§ PROBLEM DETAILS
Print exactly the first lines of the records. Stop after the line containing "STEP entity #11550.", and leave every picture out.
---------- DATA EXTRACT
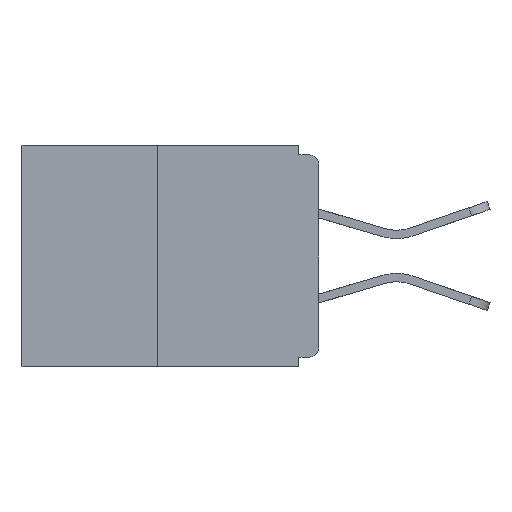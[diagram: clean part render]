
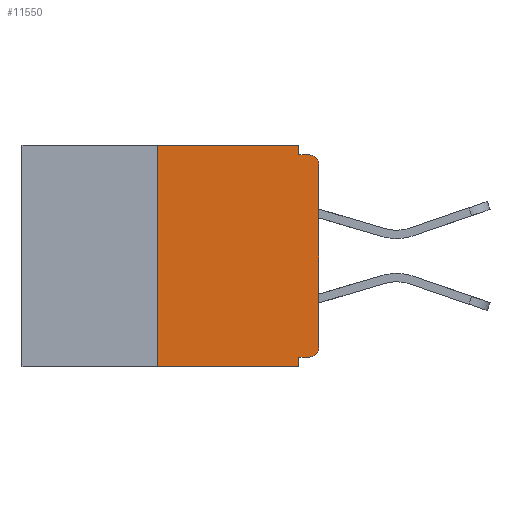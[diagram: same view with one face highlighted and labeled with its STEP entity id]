
A CAD part, left-side view. The second image highlights one B-rep face of the part: STEP entity #11550.
In plain terms, the highlighted planar face has unit normal (-1, 0, 0).
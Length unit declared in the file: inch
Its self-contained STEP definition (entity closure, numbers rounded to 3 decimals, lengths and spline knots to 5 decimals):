
#189 = CARTESIAN_POINT ( 'NONE',  ( 0., 0., -0.03 ) ) ;
#198 = DIRECTION ( 'NONE',  ( 0., 0., 1. ) ) ;
#458 = VERTEX_POINT ( 'NONE', #12735 ) ;
#506 = AXIS2_PLACEMENT_3D ( 'NONE', #17173, #13770, #872 ) ;
#663 = CARTESIAN_POINT ( 'NONE',  ( 0., 0.25, 0. ) ) ;
#821 = EDGE_CURVE ( 'NONE', #2353, #14587, #14277, .T. ) ;
#872 = DIRECTION ( 'NONE',  ( 0., 0., -1. ) ) ;
#1157 = DIRECTION ( 'NONE',  ( 0., 0., -1. ) ) ;
#1278 = CARTESIAN_POINT ( 'NONE',  ( 0., 0.031, -0.328 ) ) ;
#1682 = VERTEX_POINT ( 'NONE', #663 ) ;
#1699 = VECTOR ( 'NONE', #10048, 39.37008 ) ;
#1735 = DIRECTION ( 'NONE',  ( 0., 0., 1. ) ) ;
#1738 = VECTOR ( 'NONE', #1157, 39.37008 ) ;
#2078 = DIRECTION ( 'NONE',  ( 0., 1., 0. ) ) ;
#2353 = VERTEX_POINT ( 'NONE', #6234 ) ;
#2378 = VERTEX_POINT ( 'NONE', #11123 ) ;
#2701 = DIRECTION ( 'NONE',  ( 0., 0., -1. ) ) ;
#2959 = LINE ( 'NONE', #11699, #1699 ) ;
#3414 = VECTOR ( 'NONE', #17206, 39.37008 ) ;
#4150 = ORIENTED_EDGE ( 'NONE', *, *, #5626, .T. ) ;
#4282 = VECTOR ( 'NONE', #13922, 39.37008 ) ;
#4939 = VECTOR ( 'NONE', #2078, 39.37008 ) ;
#5082 = LINE ( 'NONE', #13785, #4282 ) ;
#5395 = ORIENTED_EDGE ( 'NONE', *, *, #18064, .F. ) ;
#5490 = VERTEX_POINT ( 'NONE', #189 ) ;
#5626 = EDGE_CURVE ( 'NONE', #5704, #16621, #5082, .T. ) ;
#5704 = VERTEX_POINT ( 'NONE', #10106 ) ;
#5750 = CARTESIAN_POINT ( 'NONE',  ( 0., 0.031, 0. ) ) ;
#6000 = CARTESIAN_POINT ( 'NONE',  ( 0., 0.031, -0.343 ) ) ;
#6221 = DIRECTION ( 'NONE',  ( 0., -1., 0. ) ) ;
#6234 = CARTESIAN_POINT ( 'NONE',  ( 0., 0.015, -0.328 ) ) ;
#6922 = AXIS2_PLACEMENT_3D ( 'NONE', #7550, #9202, #2701 ) ;
#7082 = LINE ( 'NONE', #9557, #12728 ) ;
#7284 = AXIS2_PLACEMENT_3D ( 'NONE', #19315, #9350, #14150 ) ;
#7550 = CARTESIAN_POINT ( 'NONE',  ( 0., 0.015, -0.313 ) ) ;
#7905 = EDGE_CURVE ( 'NONE', #5704, #1682, #12369, .T. ) ;
#8010 = VECTOR ( 'NONE', #1735, 39.37008 ) ;
#8177 = ORIENTED_EDGE ( 'NONE', *, *, #9015, .T. ) ;
#8463 = CARTESIAN_POINT ( 'NONE',  ( 0., 0.031, -0.343 ) ) ;
#9015 = EDGE_CURVE ( 'NONE', #5490, #13534, #15919, .T. ) ;
#9202 = DIRECTION ( 'NONE',  ( -1., 0., 0. ) ) ;
#9350 = DIRECTION ( 'NONE',  ( -1., 0., 0. ) ) ;
#9557 = CARTESIAN_POINT ( 'NONE',  ( 0., 0.46, 0. ) ) ;
#9779 = LINE ( 'NONE', #18327, #4939 ) ;
#9807 = LINE ( 'NONE', #5750, #3414 ) ;
#10048 = DIRECTION ( 'NONE',  ( 0., -1., 0. ) ) ;
#10106 = CARTESIAN_POINT ( 'NONE',  ( 0., 0.25, -0.343 ) ) ;
#10590 = ORIENTED_EDGE ( 'NONE', *, *, #18649, .T. ) ;
#11123 = CARTESIAN_POINT ( 'NONE',  ( 0., 0.031, -0.015 ) ) ;
#11550 = ADVANCED_FACE ( 'NONE', ( #20006 ), #13909, .F. ) ;
#11657 = EDGE_CURVE ( 'NONE', #12062, #16621, #17925, .T. ) ;
#11699 = CARTESIAN_POINT ( 'NONE',  ( 0., 0., -0.015 ) ) ;
#11893 = CARTESIAN_POINT ( 'NONE',  ( 0., 0., 0. ) ) ;
#12062 = VERTEX_POINT ( 'NONE', #1278 ) ;
#12369 = LINE ( 'NONE', #16315, #8010 ) ;
#12728 = VECTOR ( 'NONE', #6221, 39.37008 ) ;
#12735 = CARTESIAN_POINT ( 'NONE',  ( 0., 0.031, 0. ) ) ;
#12865 = ORIENTED_EDGE ( 'NONE', *, *, #16035, .F. ) ;
#13534 = VERTEX_POINT ( 'NONE', #16548 ) ;
#13770 = DIRECTION ( 'NONE',  ( 1., 0., 0. ) ) ;
#13785 = CARTESIAN_POINT ( 'NONE',  ( 0., 0.46, -0.343 ) ) ;
#13864 = EDGE_CURVE ( 'NONE', #2378, #13534, #2959, .T. ) ;
#13909 = PLANE ( 'NONE',  #506 ) ;
#13922 = DIRECTION ( 'NONE',  ( 0., -1., 0. ) ) ;
#14150 = DIRECTION ( 'NONE',  ( 0., 0., -1. ) ) ;
#14277 = CIRCLE ( 'NONE', #6922, 0.015 ) ;
#14587 = VERTEX_POINT ( 'NONE', #18951 ) ;
#15919 = CIRCLE ( 'NONE', #7284, 0.015 ) ;
#16035 = EDGE_CURVE ( 'NONE', #2353, #12062, #9779, .T. ) ;
#16215 = EDGE_LOOP ( 'NONE', ( #5395, #19242, #4150, #18458, #12865, #17024, #10590, #8177, #20269, #19761 ) ) ;
#16315 = CARTESIAN_POINT ( 'NONE',  ( 0., 0.25, 0. ) ) ;
#16548 = CARTESIAN_POINT ( 'NONE',  ( 0., 0.015, -0.015 ) ) ;
#16621 = VERTEX_POINT ( 'NONE', #8463 ) ;
#16812 = VECTOR ( 'NONE', #198, 39.37008 ) ;
#17024 = ORIENTED_EDGE ( 'NONE', *, *, #821, .T. ) ;
#17173 = CARTESIAN_POINT ( 'NONE',  ( 0., 0.46, 0. ) ) ;
#17206 = DIRECTION ( 'NONE',  ( 0., 0., -1. ) ) ;
#17925 = LINE ( 'NONE', #6000, #1738 ) ;
#18064 = EDGE_CURVE ( 'NONE', #1682, #458, #7082, .T. ) ;
#18155 = LINE ( 'NONE', #11893, #16812 ) ;
#18327 = CARTESIAN_POINT ( 'NONE',  ( 0., 0., -0.328 ) ) ;
#18458 = ORIENTED_EDGE ( 'NONE', *, *, #11657, .F. ) ;
#18649 = EDGE_CURVE ( 'NONE', #14587, #5490, #18155, .T. ) ;
#18951 = CARTESIAN_POINT ( 'NONE',  ( 0., 0., -0.313 ) ) ;
#19242 = ORIENTED_EDGE ( 'NONE', *, *, #7905, .F. ) ;
#19315 = CARTESIAN_POINT ( 'NONE',  ( 0., 0.015, -0.03 ) ) ;
#19761 = ORIENTED_EDGE ( 'NONE', *, *, #21137, .F. ) ;
#20006 = FACE_OUTER_BOUND ( 'NONE', #16215, .T. ) ;
#20269 = ORIENTED_EDGE ( 'NONE', *, *, #13864, .F. ) ;
#21137 = EDGE_CURVE ( 'NONE', #458, #2378, #9807, .T. ) ;
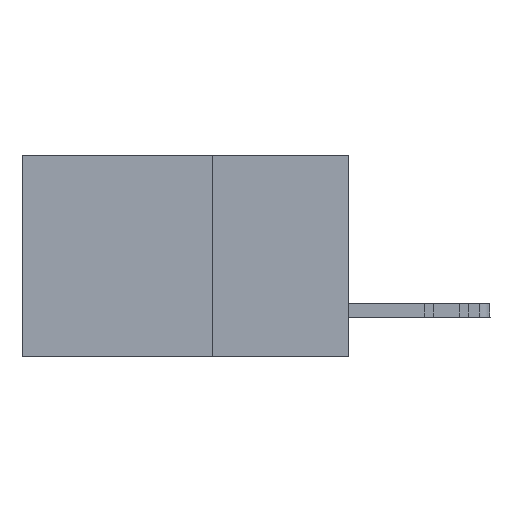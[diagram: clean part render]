
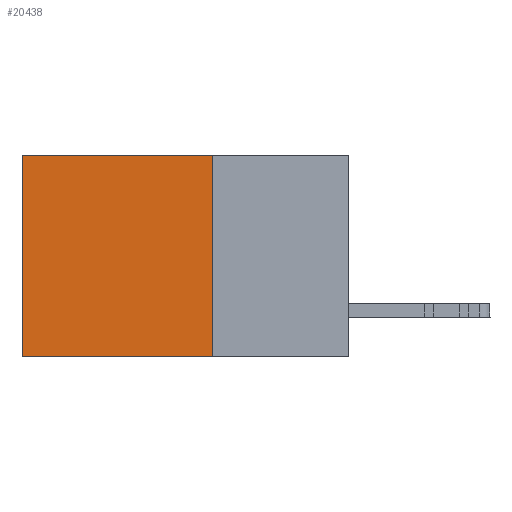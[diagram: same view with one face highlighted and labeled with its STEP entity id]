
A CAD part, left-side view. The second image highlights one B-rep face of the part: STEP entity #20438.
In plain terms, the highlighted planar face has unit normal (-1, 0, 0).
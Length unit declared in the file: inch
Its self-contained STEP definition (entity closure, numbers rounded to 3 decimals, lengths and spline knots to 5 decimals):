
#853 = ORIENTED_EDGE ( 'NONE', *, *, #7887, .F. ) ;
#2678 = VECTOR ( 'NONE', #27529, 39.37008 ) ;
#4890 = DIRECTION ( 'NONE',  ( 0., 0., -1. ) ) ;
#5564 = CARTESIAN_POINT ( 'NONE',  ( 0.298, 0.6, -0.37 ) ) ;
#6428 = VECTOR ( 'NONE', #21301, 39.37008 ) ;
#6734 = EDGE_CURVE ( 'NONE', #13923, #8608, #21188, .T. ) ;
#6937 = CARTESIAN_POINT ( 'NONE',  ( 0.298, 0.25, 0. ) ) ;
#7636 = VERTEX_POINT ( 'NONE', #16326 ) ;
#7887 = EDGE_CURVE ( 'NONE', #7636, #16645, #14452, .T. ) ;
#8142 = EDGE_CURVE ( 'NONE', #8608, #16645, #19667, .T. ) ;
#8325 = LINE ( 'NONE', #6937, #30068 ) ;
#8608 = VERTEX_POINT ( 'NONE', #23305 ) ;
#13923 = VERTEX_POINT ( 'NONE', #23910 ) ;
#14452 = LINE ( 'NONE', #25871, #25848 ) ;
#14478 = DIRECTION ( 'NONE',  ( 0., 1., 0. ) ) ;
#16326 = CARTESIAN_POINT ( 'NONE',  ( 0.298, 0.25, -0.37 ) ) ;
#16645 = VERTEX_POINT ( 'NONE', #5564 ) ;
#17936 = ORIENTED_EDGE ( 'NONE', *, *, #21636, .F. ) ;
#18665 = EDGE_LOOP ( 'NONE', ( #27851, #853, #17936, #24856 ) ) ;
#19285 = DIRECTION ( 'NONE',  ( 0., 0., -1. ) ) ;
#19667 = LINE ( 'NONE', #25021, #2678 ) ;
#20438 = ADVANCED_FACE ( 'NONE', ( #27948 ), #28565, .F. ) ;
#21188 = LINE ( 'NONE', #30538, #6428 ) ;
#21301 = DIRECTION ( 'NONE',  ( 0., 1., 0. ) ) ;
#21636 = EDGE_CURVE ( 'NONE', #13923, #7636, #8325, .T. ) ;
#23305 = CARTESIAN_POINT ( 'NONE',  ( 0.298, 0.6, 0. ) ) ;
#23864 = AXIS2_PLACEMENT_3D ( 'NONE', #28868, #26180, #19285 ) ;
#23910 = CARTESIAN_POINT ( 'NONE',  ( 0.298, 0.25, 0. ) ) ;
#24856 = ORIENTED_EDGE ( 'NONE', *, *, #6734, .T. ) ;
#25021 = CARTESIAN_POINT ( 'NONE',  ( 0.298, 0.6, 0. ) ) ;
#25848 = VECTOR ( 'NONE', #14478, 39.37008 ) ;
#25871 = CARTESIAN_POINT ( 'NONE',  ( 0.298, 0.25, -0.37 ) ) ;
#26180 = DIRECTION ( 'NONE',  ( 1., 0., 0. ) ) ;
#27529 = DIRECTION ( 'NONE',  ( 0., 0., -1. ) ) ;
#27851 = ORIENTED_EDGE ( 'NONE', *, *, #8142, .T. ) ;
#27948 = FACE_OUTER_BOUND ( 'NONE', #18665, .T. ) ;
#28565 = PLANE ( 'NONE',  #23864 ) ;
#28868 = CARTESIAN_POINT ( 'NONE',  ( 0.298, 0.25, 0. ) ) ;
#30068 = VECTOR ( 'NONE', #4890, 39.37008 ) ;
#30538 = CARTESIAN_POINT ( 'NONE',  ( 0.298, 0.25, 0. ) ) ;
--------------------
§ RESULT BELOW
[diagram: clean part render]
[diagram: same view with one face highlighted and labeled with its STEP entity id]
A CAD part, left-side view. The second image highlights one B-rep face of the part: STEP entity #11550.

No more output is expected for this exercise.